The Eighth Five-Year Plan (1993-98) was the last of such exercises begun in the 1950s. It covered some years of the previous PML-N governments. An unapproved draft was prepared for the ninth plan period. With the fall of the Berlin Wall and the Soviet Union, state planning as an ideology was on the retreat and the so-called Washington Consensus was on the rise. As the free marketeers took over country after country, planning ministries became weaker and weaker and the finance ministries, seen by the international financial institutions (IFIs) as effective deliverers on conditionality, assumed economic leadership. Short- to medium-term economic management occupied the centre stage. In Pakistan, planning shifted to perspectives. First a Ten-Year Perspective 2001-11 was prepared by incorporating the concept of three-year rolling plans. Soon it was replaced by the Medium-Term Development Framework 2005-10. Nadeemul Haque went his own way, championing a Growth Framework while his office held on to a working draft of the Tenth Five-Year Plan (2010-15).

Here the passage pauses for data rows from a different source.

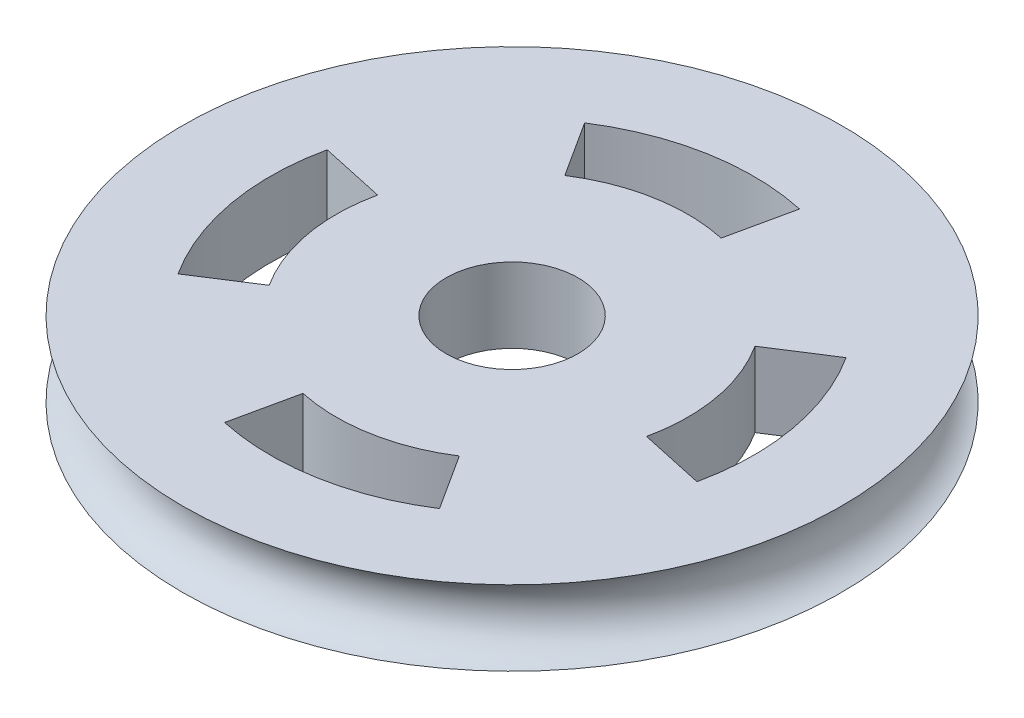
SolidWorks part; units mm, degrees
ref_plane "Piano frontale" through (0, 0, 0) normal (0, 0, 1) x (1, 0, 0)
ref_plane "Piano superiore" through (0, 0, 0) normal (0, 1, 0) x (1, 0, 0)
ref_plane "Piano destro" through (0, 0, 0) normal (1, 0, 0) x (0, 0, -1)
sketch "Schizzo1" plane through (0, 0, 0) normal (0, 0, 1) x (1, 0, 0)
  line L1 (7.7, 1.619) -> (7.7, -1.6431) construction
  line L2 (0.2, 0.8518) -> (6.2, 0.8518)
  line L4 (0.2, -0.8518) -> (6.2, -0.8518)
  line L5 (6.2, 0.8518) -> (6.2, -0.8518)
  arc A0 (0.2, -0.8518) -> (0.2, 0.8518) centre (0, 0) ccw
  dimension "D1" = 1.75
  dimension "D3" = 6
  dimension "D4" = 1.5
revolve "Rivoluzione1" add sketch "Schizzo1" angle 360 about L1
sketch "Schizzo2" plane through (0, -0.8518, 0) normal (0, -1, 0) x (1, 0, 0)
  line L2 (3.0742, 2.9752) -> (7.7, 0)
  line L3 (7.7, 0) -> (2.3253, -1.1672)
  arc A0 (3.0742, 2.9752) -> (2.3253, -1.1672) centre (7.7, 0) ccw
  arc A1 (4.3358, 2.1638) -> (3.7911, -0.8489) centre (7.7, 0) ccw
  dimension "D1" = 11
  dimension "D2" = 8
  dimension "D3" = 45
extrude "Taglio-Estrusione1" cut sketch "Schizzo2" against normal through all
pattern_circular "RipetizioneCircolare1" count 4 every 90 about axis through (7.7, -0.8518, 0) along (0, 1, 0) of "Taglio-Estrusione1"
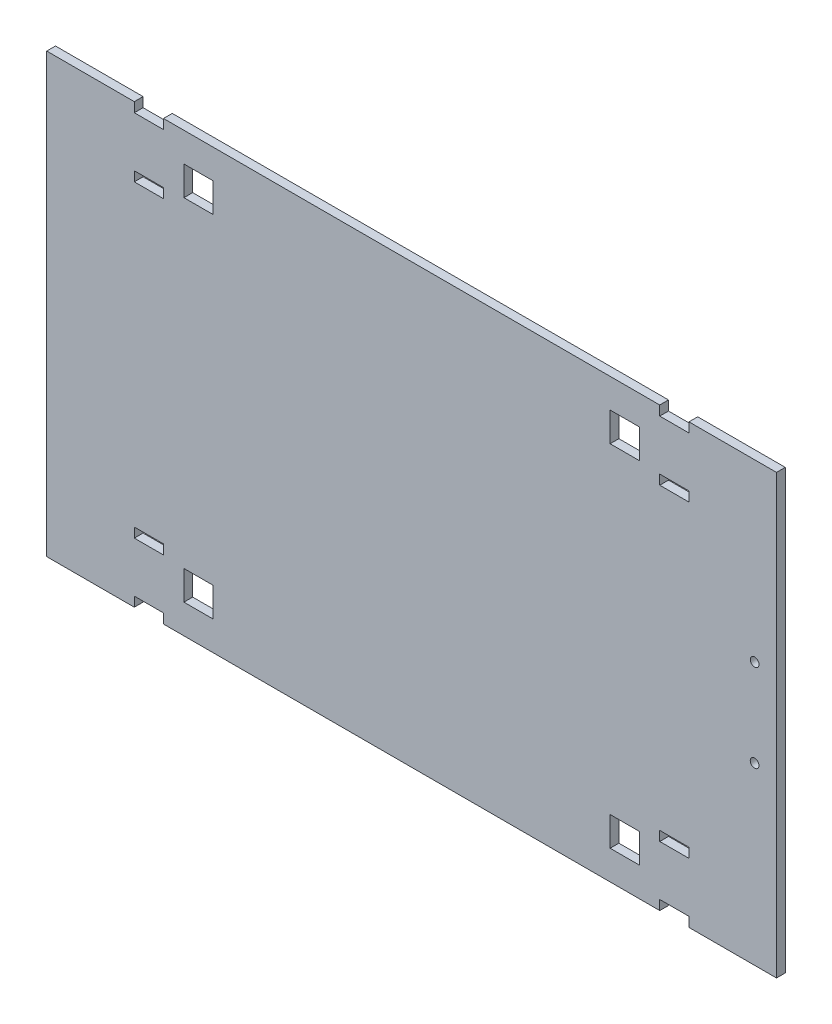
SolidWorks part; units mm, degrees
ref_plane "Front Plane" through (0, 0, 0) normal (0, 0, 1) x (1, 0, 0)
ref_plane "Top Plane" through (0, 0, 0) normal (0, 1, 0) x (1, 0, 0)
ref_plane "Right Plane" through (0, 0, 0) normal (1, 0, 0) x (0, 0, -1)
sketch "Sketch2" plane through (0, 0, 0) normal (0, 0, 1) x (1, 0, 0)
  line L1 (-125, 75) -> (125, 75)
  line L2 (-125, 75) -> (-125, -75)
  line L3 (-125, -75) -> (125, -75)
  line L4 (125, 75) -> (125, -75)
  line L5 (-125, 75) -> (125, -75) construction
  line L6 (-125, -75) -> (125, 75) construction
  point P0 (0, 0)
  dimension "D1" = 250
  dimension "D2" = 150
extrude "Boss-Extrude1" add sketch "Sketch2" along normal blind 3
sketch "Sketch3" plane through (0, 0, 0) normal (0, 0, -1) x (-1, 0, 0)
  line L0 (-61.3588, 0) -> (66.3745, 0) construction
  line L1 (-125, 75) -> (125, 75) construction
  line L2 (-95, 75) -> (-85, 75)
  line L3 (-95, 75) -> (-95, 71.7)
  line L4 (-95, 71.7) -> (-85, 71.7)
  line L5 (-85, 75) -> (-85, 71.7)
  line L6 (-125, -75) -> (-125, 75) construction
  dimension "D1" = 3.3
  dimension "D2" = 10
  dimension "D3" = 30
extrude "Cut-Extrude1" cut sketch "Sketch3" against normal through all and the other way through all
pattern_linear "LPattern1" count 2 spacing 20.5 along (0, -1, 0) of "Cut-Extrude1"
sketch "Sketch4" plane through (0, 0, 0) normal (0, 0, -1) x (-1, 0, 0)
  line L0 (-85, 75) -> (125, 75) construction
  line L1 (-78, 65) -> (-68, 65)
  line L2 (-78, 65) -> (-78, 55)
  line L3 (-78, 55) -> (-68, 55)
  line L4 (-68, 65) -> (-68, 55)
  line L5 (-85, 54.5) -> (-85, 51.2) construction
  point P8 (-85, 52.85)
  dimension "D1" = 10
  dimension "D2" = 10
  dimension "D3" = 10
  dimension "D4" = 7
extrude "Cut-Extrude2" cut sketch "Sketch4" against normal through all
sketch "Sketch5" plane through (0, 0, 0) normal (0, 0, -1) x (-1, 0, 0)
  line L0 (125, 75) -> (125, -75) construction
  line L1 (1.65, 0) -> (-1.65, 0) construction
  circle A0 centre (120, 15) radius 1.5
  circle A1 centre (96, 15) radius 1.5
  dimension "D1" = 3
  dimension "D2" = 5
  dimension "D4" = 24
  dimension "D5" = 15
  dimension "D3" = 15
extrude "Cut-Extrude3" [suppressed] cut sketch "Sketch5" against normal through all
mirror "Mirror1" about plane through (0, 0, 0) normal (0, 1, 0) of "Cut-Extrude3", "Cut-Extrude2", "Cut-Extrude1", "LPattern1"
mirror "Mirror2" about plane through (0, 0, 0) normal (1, 0, 0) of "Mirror1", "LPattern1", "Cut-Extrude1", "Cut-Extrude2"
sketch "Sketch6" plane through (0, 0, 0) normal (0, 0, -1) x (-1, 0, 0)
  line L0 (-125, -75) -> (-125, 75) construction
  circle A0 centre (-117.5, 15) radius 1.5
  dimension "D1" = 3
  dimension "D2" = 7.5
  dimension "D3" = 15
extrude "Cut-Extrude4" cut sketch "Sketch6" against normal through all both and the other way through all
mirror "Mirror3" about plane through (0, 0, 0) normal (0, 1, 0) of "Cut-Extrude4"
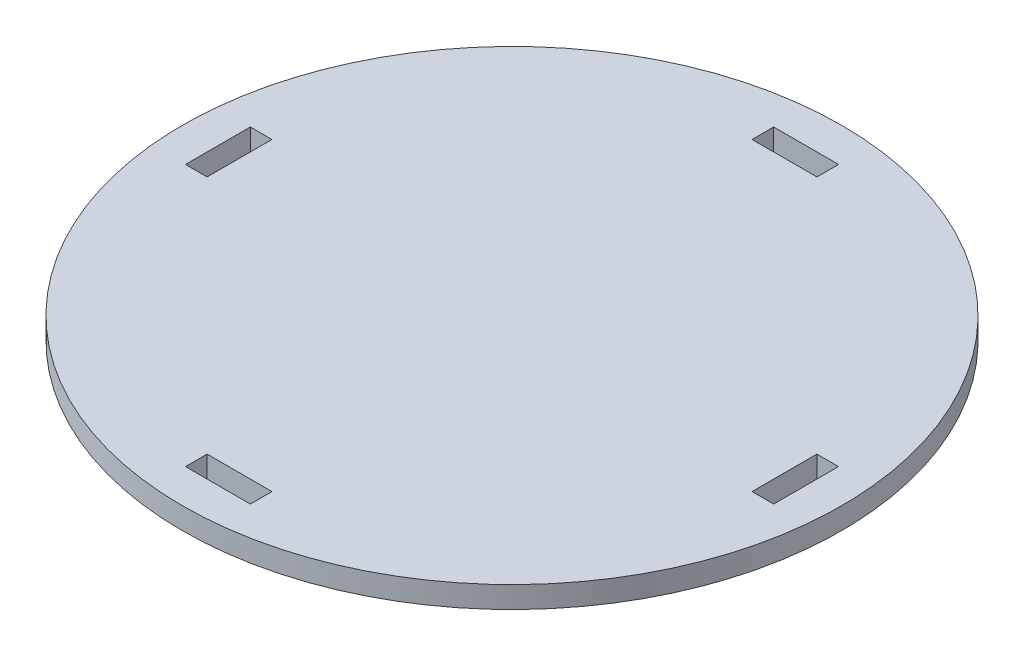
SolidWorks part; units mm, degrees
ref_plane "Front Plane" through (0, 0, 0) normal (0, 0, 1) x (1, 0, 0)
ref_plane "Top Plane" through (0, 0, 0) normal (0, 1, 0) x (1, 0, 0)
ref_plane "Right Plane" through (0, 0, 0) normal (1, 0, 0) x (0, 0, -1)
sketch "Sketch1" plane through (0, 0, 0) normal (0, 1, 0) x (1, 0, 0)
  line L0 (0, 0) -> (122.8247, 0) construction
  line L1 (122.8247, 0) -> (-116.4607, 0) construction
  line L2 (0, -96.9142) -> (0, 92.5503) construction
  line L3 (7.5, 68) -> (-7.5, 68)
  line L4 (-63, 7.5) -> (-68, 7.5)
  line L5 (-63, 7.5) -> (-63, -7.5)
  line L6 (-63, -7.5) -> (-68, -7.5)
  line L7 (-68, 7.5) -> (-68, -7.5)
  line L8 (7.5, 63) -> (7.5, 68)
  line L9 (7.5, 63) -> (-7.5, 63)
  line L10 (-7.5, 63) -> (-7.5, 68)
  line L11 (68, -7.5) -> (68, 7.5)
  line L12 (63, -7.5) -> (68, -7.5)
  line L13 (63, -7.5) -> (63, 7.5)
  line L14 (63, 7.5) -> (68, 7.5)
  line L15 (-7.5, -68) -> (7.5, -68)
  line L16 (-7.5, -63) -> (-7.5, -68)
  line L17 (-7.5, -63) -> (7.5, -63)
  line L18 (7.5, -63) -> (7.5, -68)
  circle A0 centre (0, 0) radius 76.2
  circle A1 centre (0, 0) radius 72 construction
  point P12 (-65.5, 7.5)
  point P28 (0, 0)
  dimension "D1" = 152.4
  dimension "D2" = 144
  dimension "D3" = 15
  dimension "D4" = 5
  dimension "D5" = 7.5
  dimension "D6" = 63
  dimension "D7" = 4
extrude "Boss-Extrude1" add sketch "Sketch1" along normal blind 5
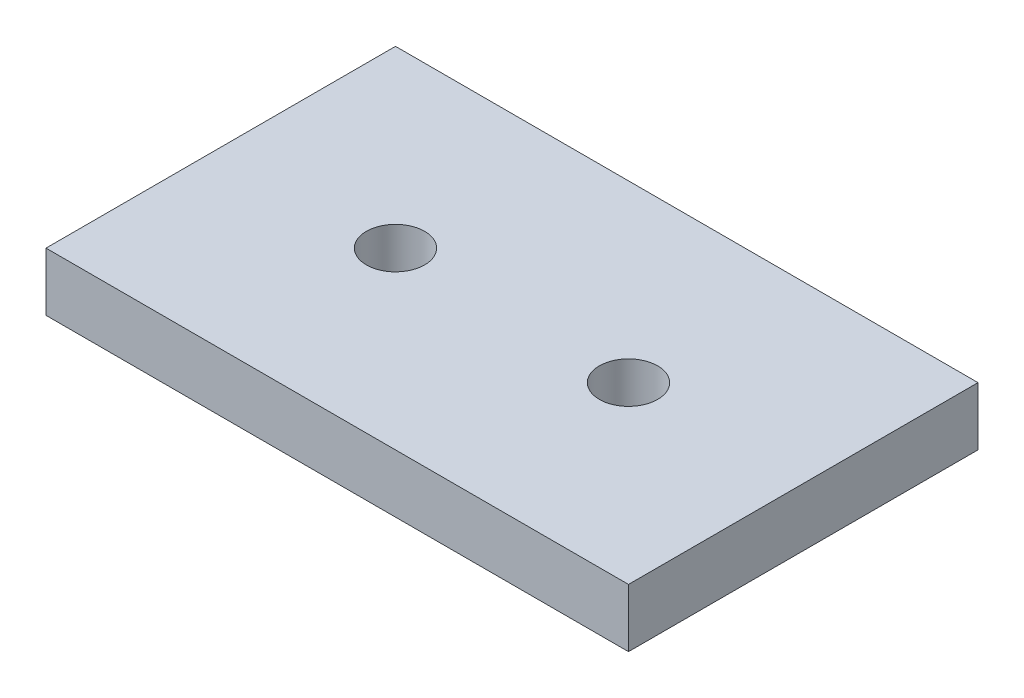
SolidWorks part; units mm, degrees
ref_plane "前视基准面" through (0, 0, 0) normal (0, 0, 1) x (1, 0, 0)
ref_plane "上视基准面" through (0, 0, 0) normal (0, 1, 0) x (1, 0, 0)
ref_plane "右视基准面" through (0, 0, 0) normal (1, 0, 0) x (0, 0, -1)
other "Configuration Table"
sketch "草图1" plane through (0, 0, 0) normal (0, 1, 0) x (1, 0, 0)
  line L1 (-50, -30) -> (50, -30)
  line L2 (-50, -30) -> (-50, 30)
  line L3 (-50, 30) -> (50, 30)
  line L4 (50, -30) -> (50, 30)
  line L5 (-50, -30) -> (50, 30) construction
  line L6 (-50, 30) -> (50, -30) construction
extrude "凸台-拉伸1" add sketch "草图1" along normal blind 10
sketch "草图2" plane through (0, 0, 0) normal (0, 1, 0) x (1, 0, 0)
  circle A0 centre (-20, 0) radius 5
extrude "切除-拉伸1" cut sketch "草图2" along normal blind 20
sketch "草图3" plane through (0, 0, 0) normal (0, 1, 0) x (1, 0, 0)
  circle A0 centre (20, 0) radius 5
extrude "切除-拉伸2" cut sketch "草图3" along normal blind 20
chamfer "倒角1" distance 1 angle 45 2 edges at (20, 0, 5) (-20, 0, 5)
sketch "草图4" plane through (0, 0, 0) normal (0, 1, 0) x (1, 0, 0)
  line L0 (-10, -20) -> (10, -20)
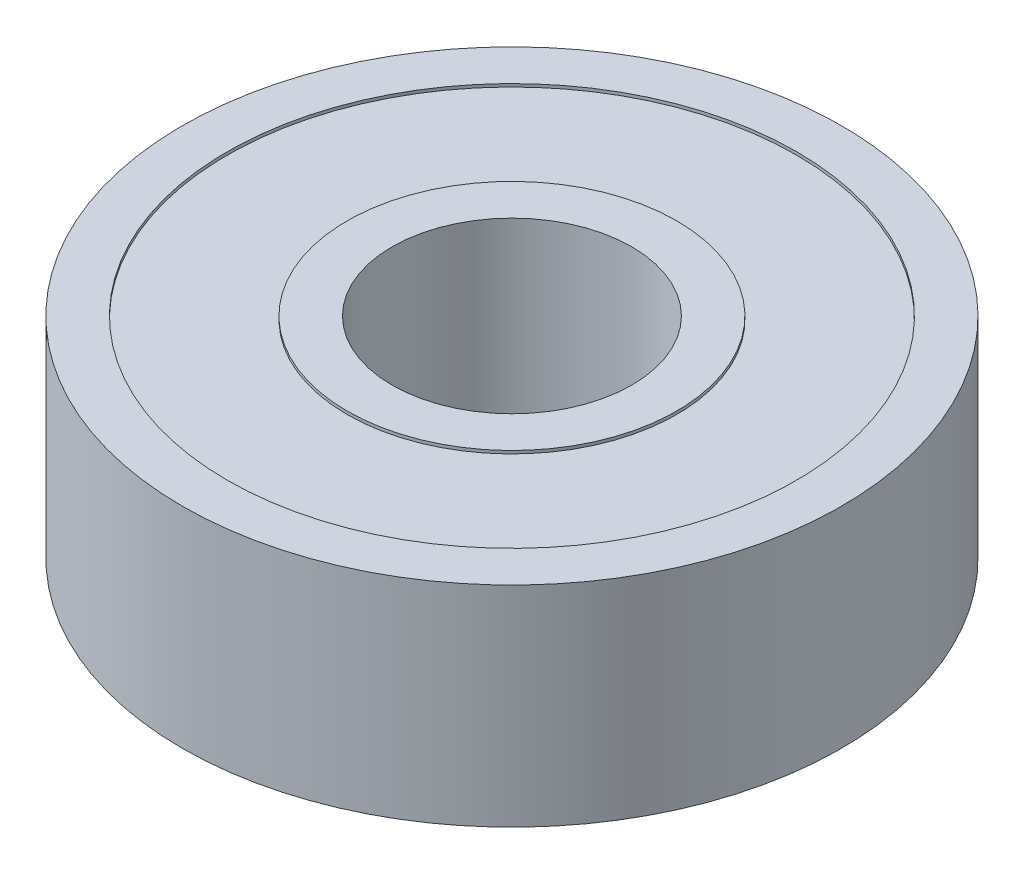
SolidWorks part; units mm, degrees
material "AISI 304"
ref_plane "Front Plane" through (0, 0, 0) normal (0, 0, 1) x (1, 0, 0)
ref_plane "Top Plane" through (0, 0, 0) normal (0, 1, 0) x (1, 0, 0)
ref_plane "Right Plane" through (0, 0, 0) normal (1, 0, 0) x (0, 0, -1)
sketch "Sketch1" plane through (0, 0, 0) normal (0, 1, 0) x (1, 0, 0)
  circle A0 centre (0, 0) radius 11
  circle A3 centre (0, 0) radius 4
  dimension "D1" = 22
  dimension "D4" = 8
extrude "Boss-Extrude1" add sketch "Sketch1" along normal blind 7
sketch "Sketch2" plane through (0, 7, 0) normal (0, 1, 0) x (1, 0, 0)
  circle A0 centre (0, 0) radius 9.5
  circle A1 centre (0, 0) radius 5.5
  circle A2 centre (0, 0) radius 11 construction
  circle A3 centre (0, 0) radius 4 construction
  dimension "D1" = 1.5
  dimension "D2" = 1.5
extrude "Cut-Extrude1" cut sketch "Sketch2" against normal blind 0.1
sketch "Sketch3" plane through (0, 0, 0) normal (0, -1, 0) x (1, 0, 0)
  circle A0 centre (0, 0) radius 9.5
  circle A1 centre (0, 0) radius 5.5
  circle A2 centre (0, 0) radius 11 construction
  circle A3 centre (0, 0) radius 4 construction
  dimension "D1" = 1.5
  dimension "D2" = 1.5
extrude "Cut-Extrude2" cut sketch "Sketch3" against normal blind 0.1
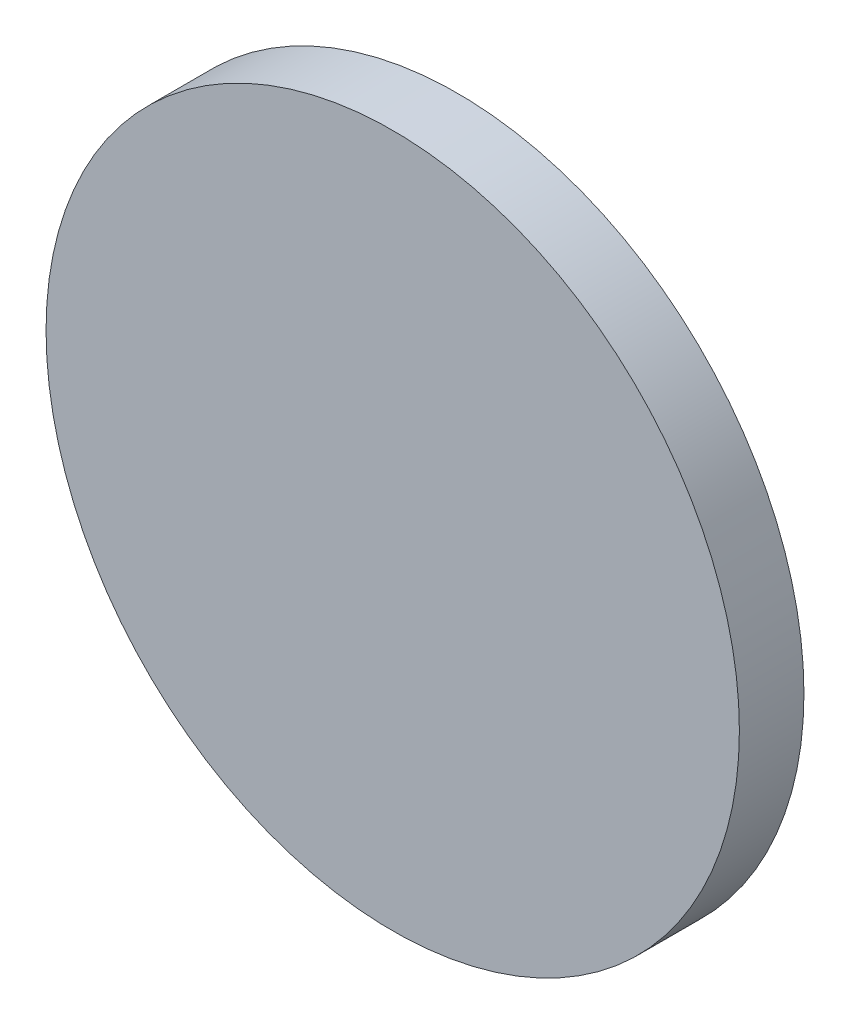
SolidWorks part; units mm, degrees
ref_plane "Front Plane" through (0, 0, 0) normal (0, 0, 1) x (1, 0, 0)
ref_plane "Top Plane" through (0, 0, 0) normal (0, 1, 0) x (1, 0, 0)
ref_plane "Right Plane" through (0, 0, 0) normal (1, 0, 0) x (0, 0, -1)
sketch "Sketch1" plane through (0, 0, 0) normal (0, 0, 1) x (1, 0, 0)
  circle A0 centre (0, 0) radius 53.6981
extrude "Boss-Extrude1" add sketch "Sketch1" along normal blind 10

Recently, when the Planning and Development Minister, Ahsan Iqbal, came out with his pillars of what was reported as the Tenth Five-Year Plan 2013-18 (The Express Tribune, July 2, 2013), one thought he was returning to the good old concept of planning. However, the Planning Commission website talks of a development strategy 2013-18, an obvious replacement of the much hyped and rather expensively prepared growth framework. His prioritisation of the pillars leads us to a different ancestry. Pillar 1 aims at stabilising the economy by minimising fiscal deficit, adopting self-reliance, focusing on tax reforms, increasing investments. Pillar 2 revives the economy for balanced and sustainable growth by promoting the private sector and transforming productive sectors towards value addition through innovation, enhancing quality and productivity. Pillar 3 achieves energy security by addressing inefficiencies, replacing expensive dependence on fuel oil with cheaper alternatives and an integrated energy policy. Pillar 4 builds modern infrastructure for a high-growth economy, which serves as a corridor and hub of regional trade through efficient transport networks by reducing production and transaction costs. Pillar 5 restores peace and security by strengthening the country’s relations with all countries of the world, in particular, the international economic blocs, as well as improving security by initiating various social and entrepreneurial programmes in underdeveloped areas. Pillar 5 achieves good governance through institutional and governance reforms with a focus on transparency, accountability, merits in appointments, involvement of citizens at all stages of planning, implementation and monitoring, and providing speedy solution through e-governance. Pillar 6 develops enterprising social capital with a focus on human development, poverty alleviation and youth empowerment to achieve inclusive growth.
These pillars, supporting the PML-N goal of “Strong Economy — Strong Pakistan”, are no different from the Nine Point Agenda of Economic and Social Recovery pushed by Shaukat Tarin of the PPP days. These included (1) macroeconomic stability and real sector growth (2) protecting the poor and the vulnerable (3) increasing productivity and value addition in agriculture (4) making industry internationally competitive (5) capital and finance for development (6) removing infrastructure bottlenecks through public-private partnerships (7) integrated energy development programme (8) human capital development for the 21st century and (9) governance for a just and fair system.
Where did Tarin get his nine points? From the “home-grown” Poverty Reduction Strategy Paper II, not adopted officially but nevertheless a guiding internal document for the Ministry of Finance since 2007. The nine points were actually the chapter headings of the same document. Pakistan’s request for the Extended Fund Facility falls in the same line of thought.
Published in The Express Tribune, July 19th, 2013.